Breaking Out Of Society's Expectations

A Teen's Take on Social Media and Body Image

Editor's Note:

In 7th grade this young writer says she became aware of the impossible standards womyn are expected to live up to in social media. She shares the painful experiences of friends and encourages us to recognize the false images and recognize our own true beauty.

Imagine waking up in the morning and looking at yourself in the mirror and hating what you see. Then, going on social media and seeing pictures of models only to be left wishing you looked like them. On top of that, knowing that there’s clothing stores that push the issue of what your own body should look like.

Did you know Abercrombie and Fitch’s largest size in jeans was a 10 and the sizes XL and XXL were not even on their sizing charts? The old CEO of Abercrombie and Fitch, Mike Jeffries, said his business was built around sex appeal. So, as a result, the sizes for womyn only went up to large but for men they went up to XXL because he wanted “buffer” men wearing his clothes.

For example, Jeffries said that sex appeal was almost everything. “That’s why we hire good-looking people, and we want to market to cool, good looking people. We don’t market to anyone other than that,” said Jeffries.

In 6th grade, a friend of mine would cry to me about this line of clothing. A 12-year-old girl crying about a brand that didn’t supply the size she needed. But this isn’t the only terrible thing that happens to womyn that can ruin their confidence.

Going into middle school, it just gets worse for girls because they start to realize the expectations of society and then struggle with self love.

It was in the seventh grade when I got very into social media and noticed the standards that womyn are held up too, like having to be size 0 in jeans or having flawless skin. I think social media is when I really started to notice how womyn are so sexualized and if they were provocative then they got more attention and more compliments from others.

This was so strange for me to see because I grew up learning you should never put yourself out there like that. It made me insecure because I saw all these pretty girls that have these perfect hourglass figures and I thought that this is what you need to look like to be seen as beautiful.

It was in the seventh grade that I started to really understand what true insecurities really felt like. Now, sure I got over these thoughts and learned to accept myself, but not everyone is as lucky as me.

Have you ever thought about how it must be to be a homosexual girl who has not yet come out to her Hispanic parents and is expected to be very “girly?” Well, I have a friend who is in this current situation. I asked if she felt pressured to live up to today’s expectation of womyn, such as wearing makeup and getting “dolled up” for almost every occasion.

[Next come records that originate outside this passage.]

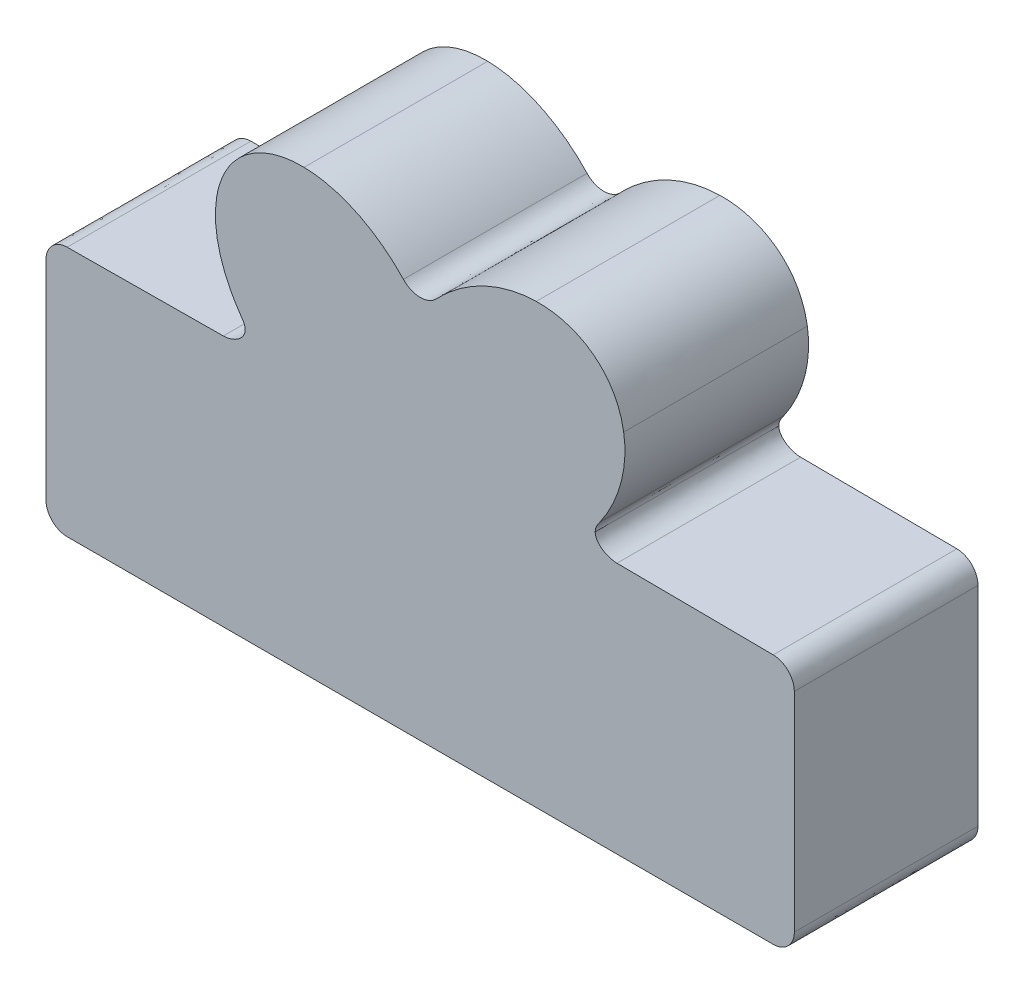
ISO-10303-21;
HEADER;
FILE_DESCRIPTION(('STEP AP214'),'2;1');
FILE_NAME('part.step','',(''),(''),'','','');
FILE_SCHEMA(('AUTOMOTIVE_DESIGN { 1 0 10303 214 1 1 1 1 }'));
ENDSEC;
DATA;
#1=APPLICATION_CONTEXT('core data for automotive mechanical design processes');
#2=APPLICATION_PROTOCOL_DEFINITION('international standard','automotive_design',2000,#1);
#3=PRODUCT_CONTEXT('',#1,'mechanical');
#4=PRODUCT('Part','Part','',(#3));
#5=PRODUCT_RELATED_PRODUCT_CATEGORY('part','',(#4));
#6=PRODUCT_DEFINITION_FORMATION('','',#4);
#7=PRODUCT_DEFINITION_CONTEXT('part definition',#1,'design');
#8=PRODUCT_DEFINITION('design','',#6,#7);
#9=PRODUCT_DEFINITION_SHAPE('','',#8);
#10=(LENGTH_UNIT() NAMED_UNIT(*) SI_UNIT(.MILLI.,.METRE.));
#11=(NAMED_UNIT(*) PLANE_ANGLE_UNIT() SI_UNIT($,.RADIAN.));
#12=(NAMED_UNIT(*) SI_UNIT($,.STERADIAN.) SOLID_ANGLE_UNIT());
#13=UNCERTAINTY_MEASURE_WITH_UNIT(LENGTH_MEASURE(1.E-05),#10,'distance_accuracy_value','');
#14=(GEOMETRIC_REPRESENTATION_CONTEXT(3) GLOBAL_UNCERTAINTY_ASSIGNED_CONTEXT((#13)) GLOBAL_UNIT_ASSIGNED_CONTEXT((#10,
#11,#12)) REPRESENTATION_CONTEXT('',''));
#15=CARTESIAN_POINT('',(0.,0.,0.));
#16=DIRECTION('',(0.,0.,1.));
#17=DIRECTION('',(1.,0.,0.));
#18=AXIS2_PLACEMENT_3D('',#15,#16,#17);
#19=CARTESIAN_POINT('',(569.775998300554,314.705898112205,8.));
#20=CARTESIAN_POINT('',(569.467398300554,316.625398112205,8.));
#21=CARTESIAN_POINT('',(567.892498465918,317.773697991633,8.));
#22=CARTESIAN_POINT('',(565.96789870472,317.733798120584,8.));
#23=B_SPLINE_CURVE_WITH_KNOTS('',3,(#19,#20,#21,#22),.UNSPECIFIED.,.F.,.F.,(4,4),
(0.904761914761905,1.),.UNSPECIFIED.);
#24=DIRECTION('',(0.,0.,-1.));
#25=VECTOR('',#24,1.);
#26=SURFACE_OF_LINEAR_EXTRUSION('',#23,#25);
#27=CARTESIAN_POINT('',(569.775998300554,314.705898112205,0.));
#28=CARTESIAN_POINT('',(569.467398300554,316.625398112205,0.));
#29=CARTESIAN_POINT('',(567.892498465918,317.773697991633,0.));
#30=CARTESIAN_POINT('',(565.96789870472,317.733798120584,0.));
#31=B_SPLINE_CURVE_WITH_KNOTS('',3,(#27,#28,#29,#30),.UNSPECIFIED.,.F.,.F.,(4,4),
(0.904761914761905,1.),.UNSPECIFIED.);
#32=CARTESIAN_POINT('',(569.775998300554,314.705898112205,0.));
#33=VERTEX_POINT('',#32);
#34=CARTESIAN_POINT('',(565.96789870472,317.733798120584,0.));
#35=VERTEX_POINT('',#34);
#36=EDGE_CURVE('E407',#33,#35,#31,.T.);
#37=ORIENTED_EDGE('',*,*,#36,.T.);
#38=DIRECTION('',(0.,0.,-1.));
#39=VECTOR('',#38,1.);
#40=CARTESIAN_POINT('',(565.96789870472,317.733798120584,8.));
#41=LINE('',#40,#39);
#42=CARTESIAN_POINT('',(565.96789870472,317.733798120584,8.));
#43=VERTEX_POINT('',#42);
#44=EDGE_CURVE('E11',#43,#35,#41,.T.);
#45=ORIENTED_EDGE('',*,*,#44,.F.);
#46=CARTESIAN_POINT('',(569.775998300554,314.705898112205,8.));
#47=VERTEX_POINT('',#46);
#48=EDGE_CURVE('E383',#47,#43,#23,.T.);
#49=ORIENTED_EDGE('',*,*,#48,.F.);
#50=DIRECTION('',(0.,0.,-1.));
#51=VECTOR('',#50,1.);
#52=CARTESIAN_POINT('',(569.775998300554,314.705898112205,8.));
#53=LINE('',#52,#51);
#54=EDGE_CURVE('E200',#47,#33,#53,.T.);
#55=ORIENTED_EDGE('',*,*,#54,.T.);
#56=EDGE_LOOP('',(#37,#45,#49,#55));
#57=FACE_BOUND('',#56,.T.);
#58=ADVANCED_FACE('F35',(#57),#26,.F.);
#59=CARTESIAN_POINT('',(565.96789870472,317.733798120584,8.));
#60=CARTESIAN_POINT('',(564.32079870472,317.699698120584,8.));
#61=CARTESIAN_POINT('',(562.752599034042,316.857598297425,8.));
#62=CARTESIAN_POINT('',(561.64059917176,315.673098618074,8.));
#63=B_SPLINE_CURVE_WITH_KNOTS('',3,(#59,#60,#61,#62),.UNSPECIFIED.,.F.,.F.,(4,4),
(0.857142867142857,0.904761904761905),.UNSPECIFIED.);
#64=DIRECTION('',(0.,0.,-1.));
#65=VECTOR('',#64,1.);
#66=SURFACE_OF_LINEAR_EXTRUSION('',#63,#65);
#67=CARTESIAN_POINT('',(565.96789870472,317.733798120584,0.));
#68=CARTESIAN_POINT('',(564.32079870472,317.699698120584,0.));
#69=CARTESIAN_POINT('',(562.752599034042,316.857598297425,0.));
#70=CARTESIAN_POINT('',(561.64059917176,315.673098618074,0.));
#71=B_SPLINE_CURVE_WITH_KNOTS('',3,(#67,#68,#69,#70),.UNSPECIFIED.,.F.,.F.,(4,4),
(0.857142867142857,0.904761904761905),.UNSPECIFIED.);
#72=CARTESIAN_POINT('',(561.64059917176,315.673098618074,0.));
#73=VERTEX_POINT('',#72);
#74=EDGE_CURVE('E398',#35,#73,#71,.T.);
#75=ORIENTED_EDGE('',*,*,#74,.T.);
#76=DIRECTION('',(0.,0.,-1.));
#77=VECTOR('',#76,1.);
#78=CARTESIAN_POINT('',(561.64059917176,315.673098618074,8.));
#79=LINE('',#78,#77);
#80=CARTESIAN_POINT('',(561.64059917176,315.673098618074,8.));
#81=VERTEX_POINT('',#80);
#82=EDGE_CURVE('E44',#81,#73,#79,.T.);
#83=ORIENTED_EDGE('',*,*,#82,.F.);
#84=EDGE_CURVE('E131',#43,#81,#63,.T.);
#85=ORIENTED_EDGE('',*,*,#84,.F.);
#86=ORIENTED_EDGE('',*,*,#44,.T.);
#87=EDGE_LOOP('',(#75,#83,#85,#86));
#88=FACE_BOUND('',#87,.T.);
#89=ADVANCED_FACE('F390',(#88),#66,.F.);
#90=CARTESIAN_POINT('',(561.64059917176,315.673098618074,8.));
#91=CARTESIAN_POINT('',(561.24549917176,315.251798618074,8.));
#92=CARTESIAN_POINT('',(560.577099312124,315.251798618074,8.));
#93=CARTESIAN_POINT('',(560.181999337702,315.673098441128,8.));
#94=B_SPLINE_CURVE_WITH_KNOTS('',3,(#90,#91,#92,#93),.UNSPECIFIED.,.F.,.F.,(4,4),
(0.80952381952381,0.857142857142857),.UNSPECIFIED.);
#95=DIRECTION('',(0.,0.,-1.));
#96=VECTOR('',#95,1.);
#97=SURFACE_OF_LINEAR_EXTRUSION('',#94,#96);
#98=CARTESIAN_POINT('',(561.64059917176,315.673098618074,0.));
#99=CARTESIAN_POINT('',(561.24549917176,315.251798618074,0.));
#100=CARTESIAN_POINT('',(560.577099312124,315.251798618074,0.));
#101=CARTESIAN_POINT('',(560.181999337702,315.673098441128,0.));
#102=B_SPLINE_CURVE_WITH_KNOTS('',3,(#98,#99,#100,#101),.UNSPECIFIED.,.F.,.F.,(4,4),
(0.80952381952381,0.857142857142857),.UNSPECIFIED.);
#103=CARTESIAN_POINT('',(560.181999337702,315.673098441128,0.));
#104=VERTEX_POINT('',#103);
#105=EDGE_CURVE('E406',#73,#104,#102,.T.);
#106=ORIENTED_EDGE('',*,*,#105,.T.);
#107=DIRECTION('',(0.,0.,-1.));
#108=VECTOR('',#107,1.);
#109=CARTESIAN_POINT('',(560.181999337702,315.673098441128,8.));
#110=LINE('',#109,#108);
#111=CARTESIAN_POINT('',(560.181999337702,315.673098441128,8.));
#112=VERTEX_POINT('',#111);
#113=EDGE_CURVE('E411',#112,#104,#110,.T.);
#114=ORIENTED_EDGE('',*,*,#113,.F.);
#115=EDGE_CURVE('E369',#81,#112,#94,.T.);
#116=ORIENTED_EDGE('',*,*,#115,.F.);
#117=ORIENTED_EDGE('',*,*,#82,.T.);
#118=EDGE_LOOP('',(#106,#114,#116,#117));
#119=FACE_BOUND('',#118,.T.);
#120=ADVANCED_FACE('F362',(#119),#97,.F.);
#121=CARTESIAN_POINT('',(560.181999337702,315.673098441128,8.));
#122=CARTESIAN_POINT('',(559.069999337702,316.857598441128,8.));
#123=CARTESIAN_POINT('',(557.501799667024,317.699698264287,8.));
#124=CARTESIAN_POINT('',(555.854700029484,317.733798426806,8.));
#125=B_SPLINE_CURVE_WITH_KNOTS('',3,(#121,#122,#123,#124),.UNSPECIFIED.,.F.,.F.,(4,4),
(0.761904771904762,0.80952380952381),.UNSPECIFIED.);
#126=DIRECTION('',(0.,0.,-1.));
#127=VECTOR('',#126,1.);
#128=SURFACE_OF_LINEAR_EXTRUSION('',#125,#127);
#129=CARTESIAN_POINT('',(560.181999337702,315.673098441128,0.));
#130=CARTESIAN_POINT('',(559.069999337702,316.857598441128,0.));
#131=CARTESIAN_POINT('',(557.501799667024,317.699698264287,0.));
#132=CARTESIAN_POINT('',(555.854700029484,317.733798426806,0.));
#133=B_SPLINE_CURVE_WITH_KNOTS('',3,(#129,#130,#131,#132),.UNSPECIFIED.,.F.,.F.,(4,4),
(0.761904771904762,0.80952380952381),.UNSPECIFIED.);
#134=CARTESIAN_POINT('',(555.854700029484,317.733798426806,0.));
#135=VERTEX_POINT('',#134);
#136=EDGE_CURVE('E415',#104,#135,#133,.T.);
#137=ORIENTED_EDGE('',*,*,#136,.T.);
#138=DIRECTION('',(0.,0.,-1.));
#139=VECTOR('',#138,1.);
#140=CARTESIAN_POINT('',(555.854700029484,317.733798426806,8.));
#141=LINE('',#140,#139);
#142=CARTESIAN_POINT('',(555.854700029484,317.733798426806,8.));
#143=VERTEX_POINT('',#142);
#144=EDGE_CURVE('E579',#143,#135,#141,.T.);
#145=ORIENTED_EDGE('',*,*,#144,.F.);
#146=EDGE_CURVE('E365',#112,#143,#125,.T.);
#147=ORIENTED_EDGE('',*,*,#146,.F.);
#148=ORIENTED_EDGE('',*,*,#113,.T.);
#149=EDGE_LOOP('',(#137,#145,#147,#148));
#150=FACE_BOUND('',#149,.T.);
#151=ADVANCED_FACE('F358',(#150),#128,.F.);
#152=CARTESIAN_POINT('',(555.854700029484,317.733798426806,8.));
#153=CARTESIAN_POINT('',(553.930100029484,317.773698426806,8.));
#154=CARTESIAN_POINT('',(552.355200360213,316.625398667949,8.));
#155=CARTESIAN_POINT('',(552.046600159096,314.705899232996,8.));
#156=B_SPLINE_CURVE_WITH_KNOTS('',3,(#152,#153,#154,#155),.UNSPECIFIED.,.F.,.F.,(4,4),
(0.714285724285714,0.761904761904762),.UNSPECIFIED.);
#157=DIRECTION('',(0.,0.,-1.));
#158=VECTOR('',#157,1.);
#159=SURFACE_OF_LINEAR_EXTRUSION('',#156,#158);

“It’s hard because I’m gay and I have to be slightly 'boyish' but then I have to keep in mind that my mom doesn’t know,” she said.

So not only does she feel pressured about what society could say, but she is mostly worried about her mom. How can she live up to society's expectation of her and also not reveal the fact that she’s lesbian to her parents? The first time she felt truly pressured was when her mom sat her down and told her she needed to be more ladylike, since after all she is a womyn. She drilled this idea down on her.

We talked about where she thought these standards come from and she replied with, “People just go along with these standards and that’s why there isn’t any change. I also believe that these standards are slightly from the Bible.” For example there’s an expectation that a womyn was made for a man to be his helper and be his caretaker.  

I then asked her if she could change a specific thing about how the media portrays womyn and she replied that she would change the weak look given to us. For example, womyn in movies need to be protected by the men in a bad situation.

An example would be from the movie Southpaw. In the scene where Billy’s wife had died, Miguel had been taunting both Billy and his wife and was yelling an offensive term over and over again. His wife, Maureen, tries to tell Billy to calm down, but he ends up fighting with Miguel. The wife ends up getting shot and dies. This scene shows that womyn do not want to condone violence and that they can’t defend themselves since Billy starts a physical fight for Miguel to stop talking about them both.

So, if we weren’t portrayed as so weak no one would want to mess with us because there would be that slight thought of what if they actually can defend themselves.

The way womyn are portrayed in the media has affected us more than we realize. Little girls grow up internalizing that they have to look a certain way to be beautiful which is anything but the truth. The way womyn have been sexualized has totally ruined our image on the true definition of beauty. All womyn are beautiful and you shouldn’t have to be a certain size for that to be seen.  

This story was first published by The Warrior Times.

The Warrior Times is Yerba Buena High School's student-run news publication that creates stories by the youth, for the youth.  The young people write passionately about issues occurring in their lives, communities, and the world.  Together, they are working toward elevating collective consciousness, compassion, and commitment to justice.